3.10 Doctrine of merger
(a) Kunhyammed Vs State of Kerala, 2001 (129) ELT 11 (SC)
Doctrine of merger is neither a doctrine of constitutional law nor one statutorily recognized. It
is a common law doctrine founded on principles of propriety in the hierarchy of justice delivery
system. Its underlying logic is that there cannot be more than one operative order governing
the same subject matter at a given point of time. The doctrine is not of universal or unlimited
application. To attract it, the superior jurisdiction should be capable of reversing, modifying or
affirming the order put in issue before it and it should do so by passing a speaking and
reasoned order.
(b) Fuljit Kaur vs. State of Punjab, 2010 (262) ELT 40 (SC)
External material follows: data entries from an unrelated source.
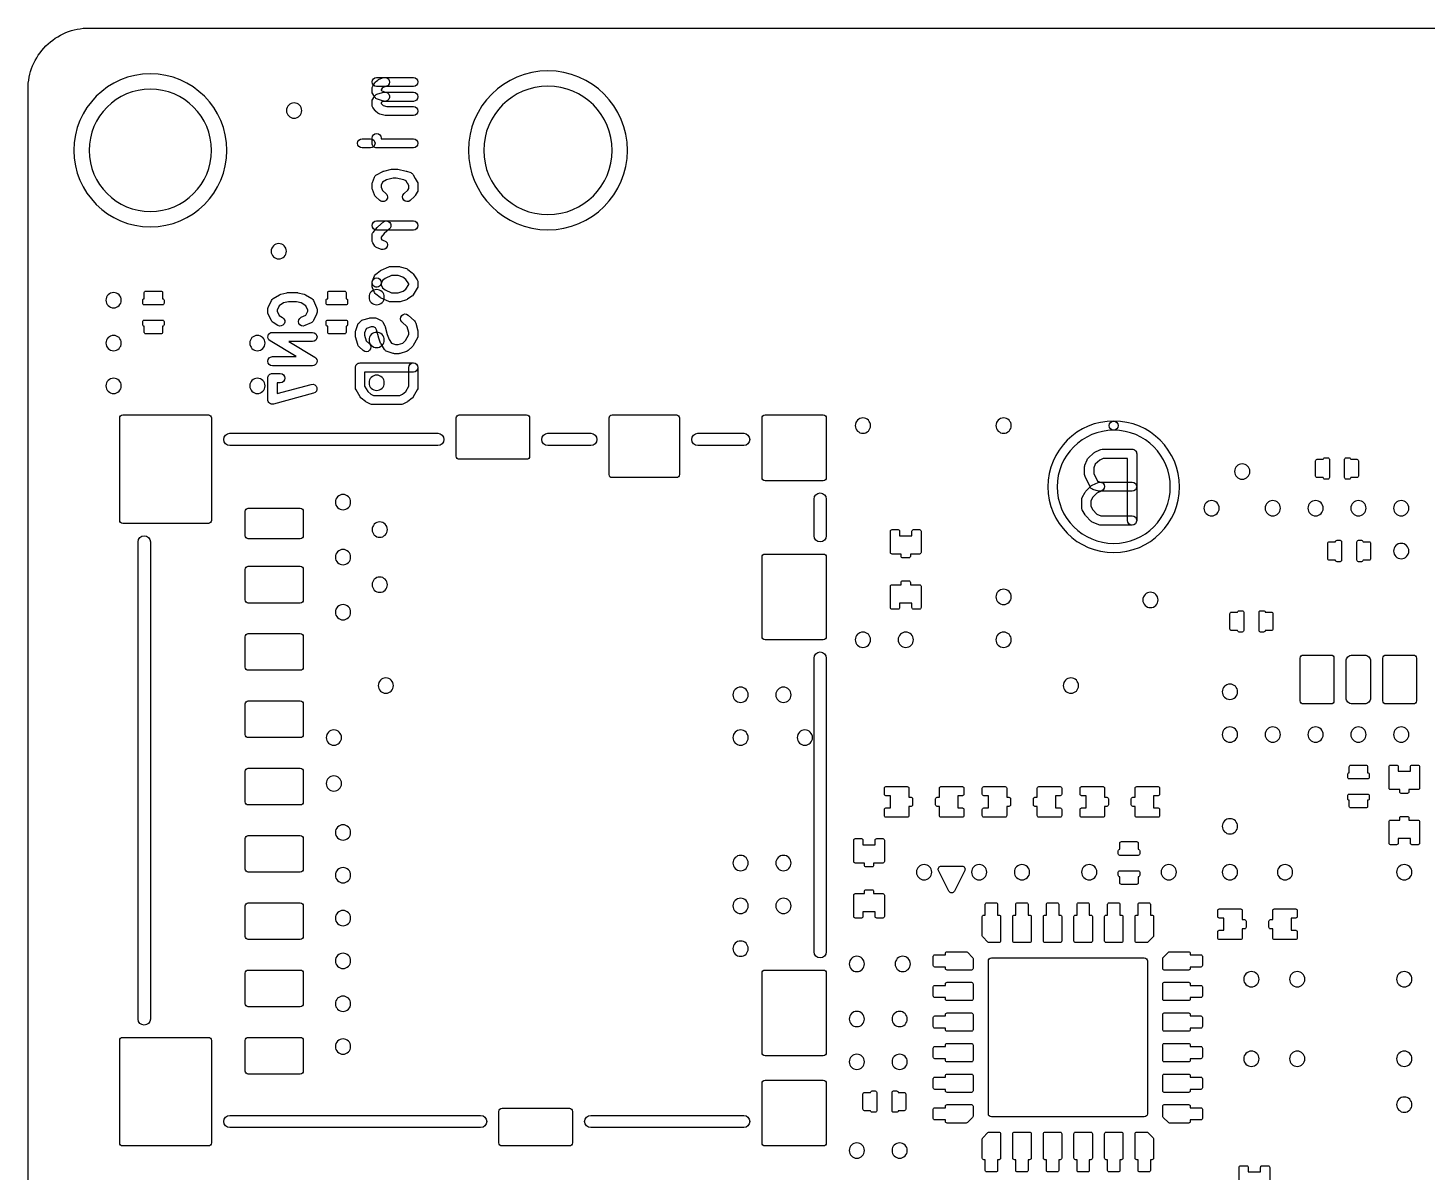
# Model space of a CAD drawing. Extents: x 0 to 45, y 0 to 50.
# Drawn here: x 0 to 22.89, y 31.28 to 50 of the extents above; entities that cross this region are included whole.
import ezdxf

# ---------------------------------------------------------------- set-up
doc = ezdxf.new("R2010")
doc.units = 0
for name, color, linetype in [('HOLE_1_6', 7, 'CONTINUOUS'), ('NC_Resist-B', 111, 'CONTINUOUS'), ('NC_Symbol-B', 140, 'CONTINUOUS'), ('OUTLINE', 7, 'CONTINUOUS')]:
    doc.layers.add(name, color=color, linetype=linetype)

msp = doc.modelspace()

# ---------------------------------------------------------------- linework, layer by layer
at = {"layer": 'HOLE_1_6'}
for points in [[(3, 48, 1), (1, 48, 1), (3, 48)], [(9.55, 48, 1), (7.45, 48, 1), (9.55, 48)], [(4.475, 48.65, 1), (4.225, 48.65, 1), (4.475, 48.65)], [(4.225, 46.35, 1), (3.975, 46.35, 1), (4.225, 46.35)], [(1.525, 45.55, 1), (1.275, 45.55, 1), (1.525, 45.55)], [(5.825, 45.6, 1), (5.575, 45.6, 1), (5.825, 45.6)], [(1.525, 44.85, 1), (1.275, 44.85, 1), (1.525, 44.85)], [(3.875, 44.85, 1), (3.625, 44.85, 1), (3.875, 44.85)], [(5.825, 44.9, 1), (5.575, 44.9, 1), (5.825, 44.9)], [(1.525, 44.15, 1), (1.275, 44.15, 1), (1.525, 44.15)], [(3.875, 44.15, 1), (3.625, 44.15, 1), (3.875, 44.15)], [(5.825, 44.2, 1), (5.575, 44.2, 1), (5.825, 44.2)], [(13.775, 43.5, 1), (13.525, 43.5, 1), (13.775, 43.5)], [(16.075, 43.5, 1), (15.825, 43.5, 1), (16.075, 43.5)], [(19.975, 42.75, 1), (19.725, 42.75, 1), (19.975, 42.75)], [(5.275, 42.25, 1), (5.025, 42.25, 1), (5.275, 42.25)], [(19.475, 42.15, 1), (19.225, 42.15, 1), (19.475, 42.15)], [(20.475, 42.15, 1), (20.225, 42.15, 1), (20.475, 42.15)], [(21.175, 42.15, 1), (20.925, 42.15, 1), (21.175, 42.15)], [(21.875, 42.15, 1), (21.625, 42.15, 1), (21.875, 42.15)], [(22.575, 42.15, 1), (22.325, 42.15, 1), (22.575, 42.15)], [(5.875, 41.8, 1), (5.625, 41.8, 1), (5.875, 41.8)], [(5.275, 41.35, 1), (5.025, 41.35, 1), (5.275, 41.35)], [(22.575, 41.45, 1), (22.325, 41.45, 1), (22.575, 41.45)], [(5.875, 40.9, 1), (5.625, 40.9, 1), (5.875, 40.9)], [(16.075, 40.7, 1), (15.825, 40.7, 1), (16.075, 40.7)], [(18.475, 40.65, 1), (18.225, 40.65, 1), (18.475, 40.65)], [(5.275, 40.45, 1), (5.025, 40.45, 1), (5.275, 40.45)], [(13.775, 40, 1), (13.525, 40, 1), (13.775, 40)], [(14.475, 40, 1), (14.225, 40, 1), (14.475, 40)], [(16.075, 40, 1), (15.825, 40, 1), (16.075, 40)], [(5.975, 39.25, 1), (5.725, 39.25, 1), (5.975, 39.25)], [(17.175, 39.25, 1), (16.925, 39.25, 1), (17.175, 39.25)], [(11.775, 39.1, 1), (11.525, 39.1, 1), (11.775, 39.1)], [(12.475, 39.1, 1), (12.225, 39.1, 1), (12.475, 39.1)], [(19.775, 39.15, 1), (19.525, 39.15, 1), (19.775, 39.15)], [(5.125, 38.4, 1), (4.875, 38.4, 1), (5.125, 38.4)], [(11.775, 38.4, 1), (11.525, 38.4, 1), (11.775, 38.4)], [(12.825, 38.4, 1), (12.575, 38.4, 1), (12.825, 38.4)], [(19.775, 38.45, 1), (19.525, 38.45, 1), (19.775, 38.45)], [(20.475, 38.45, 1), (20.225, 38.45, 1), (20.475, 38.45)], [(21.175, 38.45, 1), (20.925, 38.45, 1), (21.175, 38.45)], [(21.875, 38.45, 1), (21.625, 38.45, 1), (21.875, 38.45)], [(22.575, 38.45, 1), (22.325, 38.45, 1), (22.575, 38.45)], [(5.125, 37.65, 1), (4.875, 37.65, 1), (5.125, 37.65)], [(5.275, 36.85, 1), (5.025, 36.85, 1), (5.275, 36.85)], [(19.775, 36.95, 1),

Unique case of an influential person having allotment of residential plot in discretionary quota
within 48 hours of submission of application and to assert right to have land at throwaway
price and not deposit sale price for quarter of a century.
Dismissal of Special Leave Petition in limine does not mean reasoning of judgment of High
Court stood affirmed or such judgment merges with Supreme Court order. Such dismissal of
SLP means case not considered as worthy of examination. Such order does not operate as
res judicata and is not a binding precedent.